GUYS’ EYES ON THE PRIZE
Preserving a man’s fertility is usually even simpler: 15 minutes in a quiet room with a cup. For some cancers, however, like childhood leukemia, the issue of preserving male fertility can be more problematic if the boy isn’t yet ejaculating, or there is concern that leukemia cells could be present. One experimental procedure is enabling scientists to remove testicular tissue, harvest the stem cells that give rise to sperm, and culture these. As these cells undergo passage from one generation to another, leukemia cells die off.
“So for a little boy, when he turns 20 or whatever, you can then culture these spermatogonial stem cells and get a pure colony,” Silber explains. “Then you inject those into seminiferous tubules [in the testes, where semen is produced] and get normal spermatogenesis. It’s been done in animals so far, and there’s no reason it won’t work in humans.”
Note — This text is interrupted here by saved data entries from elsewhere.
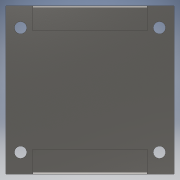
# Autodesk Inventor part: Part2
Saved by Autodesk Inventor 2018 (Build 220112000, 112)
## iProperties
Created: 2018-02-06
Part Number: Part2
Material: Steel, Galvanized
Document SubType Name: Modeling
Designer: P136265
Density: 7.85 g/cm^3
Appearance: Galvanized
Author: P136265
Autodesk Inventor part; units mm, degrees
ref_plane "YZ Plane" through (0, 0, 0) normal (1, 0, 0) x (0, 1, 0)
ref_plane "XZ Plane" through (0, 0, 0) normal (0, 1, 0) x (-1, 0, 0)
ref_plane "XY Plane" through (0, 0, 0) normal (0, 0, 1) x (1, 0, 0)
sketch "Sketch1" plane through (0, 0, 0) normal (0, 1, 0) x (-1, 0, 0)
  line L0 (67.5, -67.5) -> (-67.5, -67.5)
  line L1 (-67.5, -67.5) -> (-67.5, 67.5)
  line L2 (-67.5, 67.5) -> (67.5, 67.5)
  line L3 (67.5, 67.5) -> (67.5, -67.5)
  line L4 (67.5, -67.5) -> (-67.5, 67.5) construction
  line L5 (-67.5, -67.5) -> (67.5, 67.5) construction
  circle A0 centre (-55.75, -50) radius 5
  circle A1 centre (55.75, -50) radius 5
  circle A2 centre (55.75, 50) radius 5
  circle A3 centre (-55.75, 50) radius 5
  line L6 (55.75, -50) -> (-55.75, -50) construction
  line L7 (55.75, 50) -> (-55.75, 50) construction
  line L8 (0, -50) -> (0, 50) construction
  point P0 (0, 0)
  point P1 (0, 0)
  point P2 (0, 0)
  point P3 (0, 0)
  dimension "d0" = 135
  dimension "d1" = 135
  dimension "d2" = 10
  dimension "d4" = 10
  dimension "d5" = 10
  dimension "d6" = 10
  dimension "d7" = 111.5
  dimension "d9" = 100
  constraints: 18 end point, 7 midpoint, 4 centre point, 4 vertical alignment, 3 horizontal, 2 parallel, 2 perpendicular, 1 coincident
  measures "d0" distance of L1.end L2.end
  measures "d1" distance of L0.end L1.end
  measures "d2" diameter of A0
  measures "d4" diameter of A1
  measures "d5" diameter of A2
  measures "d6" diameter of A3
  measures "d7" distance of L6.end L6.start
  measures "d9" distance of L7.start L6.start
extrude "Extrusion1" add sketch "Sketch1" along normal blind 5
sketch "Sketch3" plane through (0, 5, 0) normal (0, 1, 0) x (1, 0, 0)
  circle A0 centre (55.75, -50) radius 5 construction
  circle A1 centre (-55.75, -50) radius 5 construction
  circle A2 centre (-55.75, 50) radius 5 construction
  circle A3 centre (55.75, 50) radius 5 construction
  line L0 (67.5, 67.5) -> (-67.5, 67.5) construction
  line L1 (-67.5, 67.5) -> (-67.5, -67.5) construction
  line L2 (-67.5, -67.5) -> (67.5, -67.5) construction
  line L3 (67.5, -67.5) -> (67.5, 67.5) construction
  line L4 (-46, -67.5) -> (46, -67.5)
  line L5 (-46, -47.5) -> (46, -47.5)
  line L6 (-46, -47.5) -> (-46, -67.5)
  line L7 (46, -47.5) -> (46, -67.5)
  line L8 (-67.5, -67.5) -> (67.5, -67.5) construction
  line L9 (-67.5, 67.5) -> (-67.5, -67.5) construction
  line L10 (-67.5, 0) -> (67.5, 0) construction
  line L11 (67.5, -67.5) -> (67.5, 67.5) construction
  line L12 (-46, 67.5) -> (46, 67.5)
  line L13 (-46, 47.5) -> (46, 47.5)
  line L14 (-46, 47.5) -> (-46, 67.5)
  line L15 (46, 47.5) -> (46, 67.5)
  point P0 (0, 0)
  point P1 (0, -67.5)
  point P2 (0, -67.5)
  point P3 (0, -67.5)
  dimension "d19" = 92
  dimension "d20" = 20
  constraints: 18 end point, 5 midpoint, 4 symmetric about line, 2 coincident, 2 parallel, 1 horizontal, 1 perpendicular
  measures "d19" distance of L4.start L4.end
  measures "d20" distance between parallel lines of L4 L5
extrude "Extrusion3" cut sketch "Sketch3" against normal blind 1
chamfer "Chamfer2" distance 1.5 angle 45 2 edges at (0, 4, 67.5) (0, 4, -67.5)
body "Solid1"

Such technologies sound exciting, of course. But even when technology can preserve or rescue fertility, too many patients either don’t know about the possibilities, or they can’t afford it. That’s where groups like Fertile Hope, a national LIVESTRONG initiative, come in.
Consider: If Amy Tucker’s treatment had not been free of charge as an experiment, her son Grant would be but a dream. Simple sperm freezing can cost several hundred dollars plus a yearly storage fee; and one round of in vitro fertilization to create frozen embryos and implant them later can cost roughly $20,000. The fees for the ovary freezing (which Silber now does for free) would be much less than egg freezing, namely about $6000 instead of the $20,000 that IVF can cost. Unlike breast reconstruction for breast cancer survivors, which is usually covered by insurance, reproductive therapies are considered elective even when the need for those therapies is a direct result of cancer treatment. Silber says, “we are pushing for legislation that would mandate coverage for this complication of cancer treatment, that is, preservation of fertility.”
“In order to move the meter you have to get consumers to push hard, get a whole movement going,” Silber says. “I was in Washington recently, talked to senators, even in the White House, and everybody told me the same thing. And that was: ‘You have got to contact the LIVESTRONG people. They know how to mobilize the public.’”
Such testing can be important even if a woman has restarted her periods. While she may have regained her fertility, her reserve of eggs may have been depleted by the cancer treatments. If she isn’t yet ready to start a family, she could have some of her remaining eggs, or some ovarian tissue, harvested and banked as a backup.
Tucker, now 33, undergoes regular hormone testing to check on her ovarian function because she knows that the effects of the groundbreaking slice transplant won’t last indefinitely. And she may go into menopause again soon. Then, it appears, she may need another transplant because she and Jason are hoping for more children. This is a serious call, and no fun, of course. But when she sees Grant, she thinks it’s well worth the pain and stress. “It truly is a miracle,” she says. “Every morning I wake up and I am so grateful we were blessed with him.”